--- Source material ---

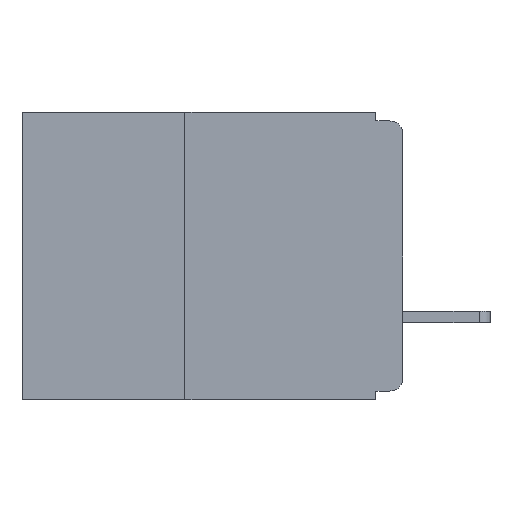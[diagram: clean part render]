
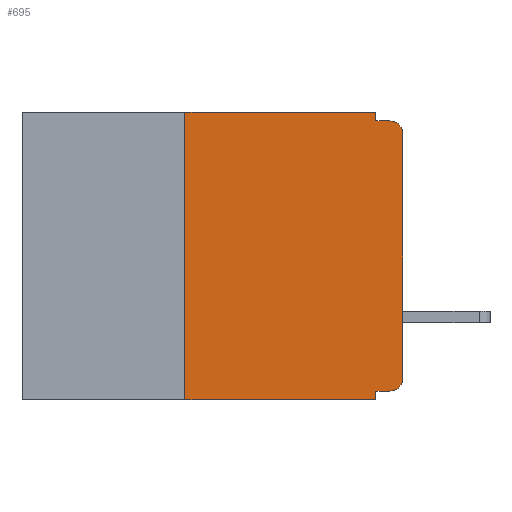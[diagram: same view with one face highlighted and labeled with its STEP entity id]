
A CAD part, left-side view. The second image highlights one B-rep face of the part: STEP entity #695.
In plain terms, the highlighted planar face has unit normal (-1, 0, 0).
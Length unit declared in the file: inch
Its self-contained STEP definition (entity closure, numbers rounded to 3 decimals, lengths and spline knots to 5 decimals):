
#225 = CARTESIAN_POINT ( 'NONE',  ( 0., 0.031, 0. ) ) ;
#300 = AXIS2_PLACEMENT_3D ( 'NONE', #4840, #3050, #10127 ) ;
#689 = EDGE_CURVE ( 'NONE', #9916, #10174, #2119, .T. ) ;
#695 = ADVANCED_FACE ( 'NONE', ( #2002 ), #800, .F. ) ;
#768 = CARTESIAN_POINT ( 'NONE',  ( 0., 0.031, -0.33 ) ) ;
#800 = PLANE ( 'NONE',  #300 ) ;
#1597 = VERTEX_POINT ( 'NONE', #10658 ) ;
#1736 = VERTEX_POINT ( 'NONE', #9542 ) ;
#1895 = CARTESIAN_POINT ( 'NONE',  ( 0., 0.015, -0.01 ) ) ;
#2002 = FACE_OUTER_BOUND ( 'NONE', #8400, .T. ) ;
#2030 = VECTOR ( 'NONE', #6943, 39.37008 ) ;
#2119 = LINE ( 'NONE', #10175, #2030 ) ;
#2625 = DIRECTION ( 'NONE',  ( 0., 0., -1. ) ) ;
#2634 = DIRECTION ( 'NONE',  ( -1., 0., 0. ) ) ;
#2651 = CARTESIAN_POINT ( 'NONE',  ( 0., 0.015, -0.305 ) ) ;
#2984 = DIRECTION ( 'NONE',  ( 0., 0., -1. ) ) ;
#3013 = DIRECTION ( 'NONE',  ( -1., 0., 0. ) ) ;
#3014 = CARTESIAN_POINT ( 'NONE',  ( 0., 0.015, -0.025 ) ) ;
#3050 = DIRECTION ( 'NONE',  ( 1., 0., 0. ) ) ;
#3362 = DIRECTION ( 'NONE',  ( 0., 1., 0. ) ) ;
#3395 = CARTESIAN_POINT ( 'NONE',  ( 0., 0., -0.32 ) ) ;
#3455 = CARTESIAN_POINT ( 'NONE',  ( 0., 0.031, -0.01 ) ) ;
#3640 = CARTESIAN_POINT ( 'NONE',  ( 0., 0.015, -0.32 ) ) ;
#3718 = DIRECTION ( 'NONE',  ( 0., -1., 0. ) ) ;
#3734 = CARTESIAN_POINT ( 'NONE',  ( 0., 0., -0.025 ) ) ;
#3735 = CARTESIAN_POINT ( 'NONE',  ( 0., 0., -0.01 ) ) ;
#4415 = CARTESIAN_POINT ( 'NONE',  ( 0., 0., -0.305 ) ) ;
#4435 = VECTOR ( 'NONE', #10675, 39.37008 ) ;
#4472 = VECTOR ( 'NONE', #10813, 39.37008 ) ;
#4586 = CARTESIAN_POINT ( 'NONE',  ( 0., 0., 0. ) ) ;
#4588 = LINE ( 'NONE', #10694, #4435 ) ;
#4595 = VECTOR ( 'NONE', #10907, 39.37008 ) ;
#4632 = LINE ( 'NONE', #10937, #4595 ) ;
#4639 = DIRECTION ( 'NONE',  ( 0., 0., 1. ) ) ;
#4681 = VECTOR ( 'NONE', #10846, 39.37008 ) ;
#4780 = LINE ( 'NONE', #10912, #4472 ) ;
#4840 = CARTESIAN_POINT ( 'NONE',  ( 0., 0.437, 0. ) ) ;
#5112 = LINE ( 'NONE', #10968, #4681 ) ;
#5811 = AXIS2_PLACEMENT_3D ( 'NONE', #2651, #2634, #2625 ) ;
#5865 = CARTESIAN_POINT ( 'NONE',  ( 0., 0.25, 0. ) ) ;
#5923 = EDGE_CURVE ( 'NONE', #9989, #8941, #9922, .T. ) ;
#5987 = EDGE_CURVE ( 'NONE', #8167, #6571, #9532, .T. ) ;
#6034 = EDGE_CURVE ( 'NONE', #8953, #1597, #9329, .T. ) ;
#6087 = EDGE_CURVE ( 'NONE', #8941, #6571, #9234, .T. ) ;
#6106 = EDGE_CURVE ( 'NONE', #8953, #9989, #9097, .T. ) ;
#6571 = VERTEX_POINT ( 'NONE', #1895 ) ;
#6699 = EDGE_CURVE ( 'NONE', #10174, #8167, #4632, .T. ) ;
#6700 = EDGE_CURVE ( 'NONE', #1736, #9916, #5112, .T. ) ;
#6736 = EDGE_CURVE ( 'NONE', #1736, #9167, #4780, .T. ) ;
#6753 = EDGE_CURVE ( 'NONE', #1597, #9167, #4588, .T. ) ;
#6943 = DIRECTION ( 'NONE',  ( 0., -1., 0. ) ) ;
#8167 = VERTEX_POINT ( 'NONE', #3455 ) ;
#8400 = EDGE_LOOP ( 'NONE', ( #8973, #9030, #9139, #9242, #10421, #10449, #10488, #10667, #10696, #10736 ) ) ;
#8873 = AXIS2_PLACEMENT_3D ( 'NONE', #3014, #3013, #2984 ) ;
#8941 = VERTEX_POINT ( 'NONE', #3734 ) ;
#8953 = VERTEX_POINT ( 'NONE', #3640 ) ;
#8973 = ORIENTED_EDGE ( 'NONE', *, *, #5923, .T. ) ;
#9030 = ORIENTED_EDGE ( 'NONE', *, *, #6087, .T. ) ;
#9097 = CIRCLE ( 'NONE', #5811, 0.015 ) ;
#9139 = ORIENTED_EDGE ( 'NONE', *, *, #5987, .F. ) ;
#9167 = VERTEX_POINT ( 'NONE', #768 ) ;
#9234 = CIRCLE ( 'NONE', #8873, 0.015 ) ;
#9242 = ORIENTED_EDGE ( 'NONE', *, *, #6699, .F. ) ;
#9329 = LINE ( 'NONE', #3395, #9431 ) ;
#9431 = VECTOR ( 'NONE', #3362, 39.37008 ) ;
#9532 = LINE ( 'NONE', #3735, #9584 ) ;
#9542 = CARTESIAN_POINT ( 'NONE',  ( 0., 0.25, -0.33 ) ) ;
#9584 = VECTOR ( 'NONE', #3718, 39.37008 ) ;
#9714 = VECTOR ( 'NONE', #4639, 39.37008 ) ;
#9916 = VERTEX_POINT ( 'NONE', #5865 ) ;
#9922 = LINE ( 'NONE', #4586, #9714 ) ;
#9989 = VERTEX_POINT ( 'NONE', #4415 ) ;
#10127 = DIRECTION ( 'NONE',  ( 0., 0., -1. ) ) ;
#10174 = VERTEX_POINT ( 'NONE', #225 ) ;
#10175 = CARTESIAN_POINT ( 'NONE',  ( 0., 0.437, 0. ) ) ;
#10421 = ORIENTED_EDGE ( 'NONE', *, *, #689, .F. ) ;
#10449 = ORIENTED_EDGE ( 'NONE', *, *, #6700, .F. ) ;
#10488 = ORIENTED_EDGE ( 'NONE', *, *, #6736, .T. ) ;
#10658 = CARTESIAN_POINT ( 'NONE',  ( 0., 0.031, -0.32 ) ) ;
#10667 = ORIENTED_EDGE ( 'NONE', *, *, #6753, .F. ) ;
#10675 = DIRECTION ( 'NONE',  ( 0., 0., -1. ) ) ;
#10694 = CARTESIAN_POINT ( 'NONE',  ( 0., 0.031, -0.33 ) ) ;
#10696 = ORIENTED_EDGE ( 'NONE', *, *, #6034, .F. ) ;
#10736 = ORIENTED_EDGE ( 'NONE', *, *, #6106, .T. ) ;
#10813 = DIRECTION ( 'NONE',  ( 0., -1., 0. ) ) ;
#10846 = DIRECTION ( 'NONE',  ( 0., 0., 1. ) ) ;
#10907 = DIRECTION ( 'NONE',  ( 0., 0., -1. ) ) ;
#10912 = CARTESIAN_POINT ( 'NONE',  ( 0., 0.437, -0.33 ) ) ;
#10937 = CARTESIAN_POINT ( 'NONE',  ( 0., 0.031, 0. ) ) ;
#10968 = CARTESIAN_POINT ( 'NONE',  ( 0., 0.25, -0.33 ) ) ;

---

**Your assignment:** Print exactly the lines of the records from the one containing "#9714 = VECTOR ( 'NONE', #4639, 39.37008 ) ;" through the end, and nothing besides them.

**Solution:**
#9714 = VECTOR ( 'NONE', #4639, 39.37008 ) ;
#9916 = VERTEX_POINT ( 'NONE', #5865 ) ;
#9922 = LINE ( 'NONE', #4586, #9714 ) ;
#9989 = VERTEX_POINT ( 'NONE', #4415 ) ;
#10127 = DIRECTION ( 'NONE',  ( 0., 0., -1. ) ) ;
#10174 = VERTEX_POINT ( 'NONE', #225 ) ;
#10175 = CARTESIAN_POINT ( 'NONE',  ( 0., 0.437, 0. ) ) ;
#10421 = ORIENTED_EDGE ( 'NONE', *, *, #689, .F. ) ;
#10449 = ORIENTED_EDGE ( 'NONE', *, *, #6700, .F. ) ;
#10488 = ORIENTED_EDGE ( 'NONE', *, *, #6736, .T. ) ;
#10658 = CARTESIAN_POINT ( 'NONE',  ( 0., 0.031, -0.32 ) ) ;
#10667 = ORIENTED_EDGE ( 'NONE', *, *, #6753, .F. ) ;
#10675 = DIRECTION ( 'NONE',  ( 0., 0., -1. ) ) ;
#10694 = CARTESIAN_POINT ( 'NONE',  ( 0., 0.031, -0.33 ) ) ;
#10696 = ORIENTED_EDGE ( 'NONE', *, *, #6034, .F. ) ;
#10736 = ORIENTED_EDGE ( 'NONE', *, *, #6106, .T. ) ;
#10813 = DIRECTION ( 'NONE',  ( 0., -1., 0. ) ) ;
#10846 = DIRECTION ( 'NONE',  ( 0., 0., 1. ) ) ;
#10907 = DIRECTION ( 'NONE',  ( 0., 0., -1. ) ) ;
#10912 = CARTESIAN_POINT ( 'NONE',  ( 0., 0.437, -0.33 ) ) ;
#10937 = CARTESIAN_POINT ( 'NONE',  ( 0., 0.031, 0. ) ) ;
#10968 = CARTESIAN_POINT ( 'NONE',  ( 0., 0.25, -0.33 ) ) ;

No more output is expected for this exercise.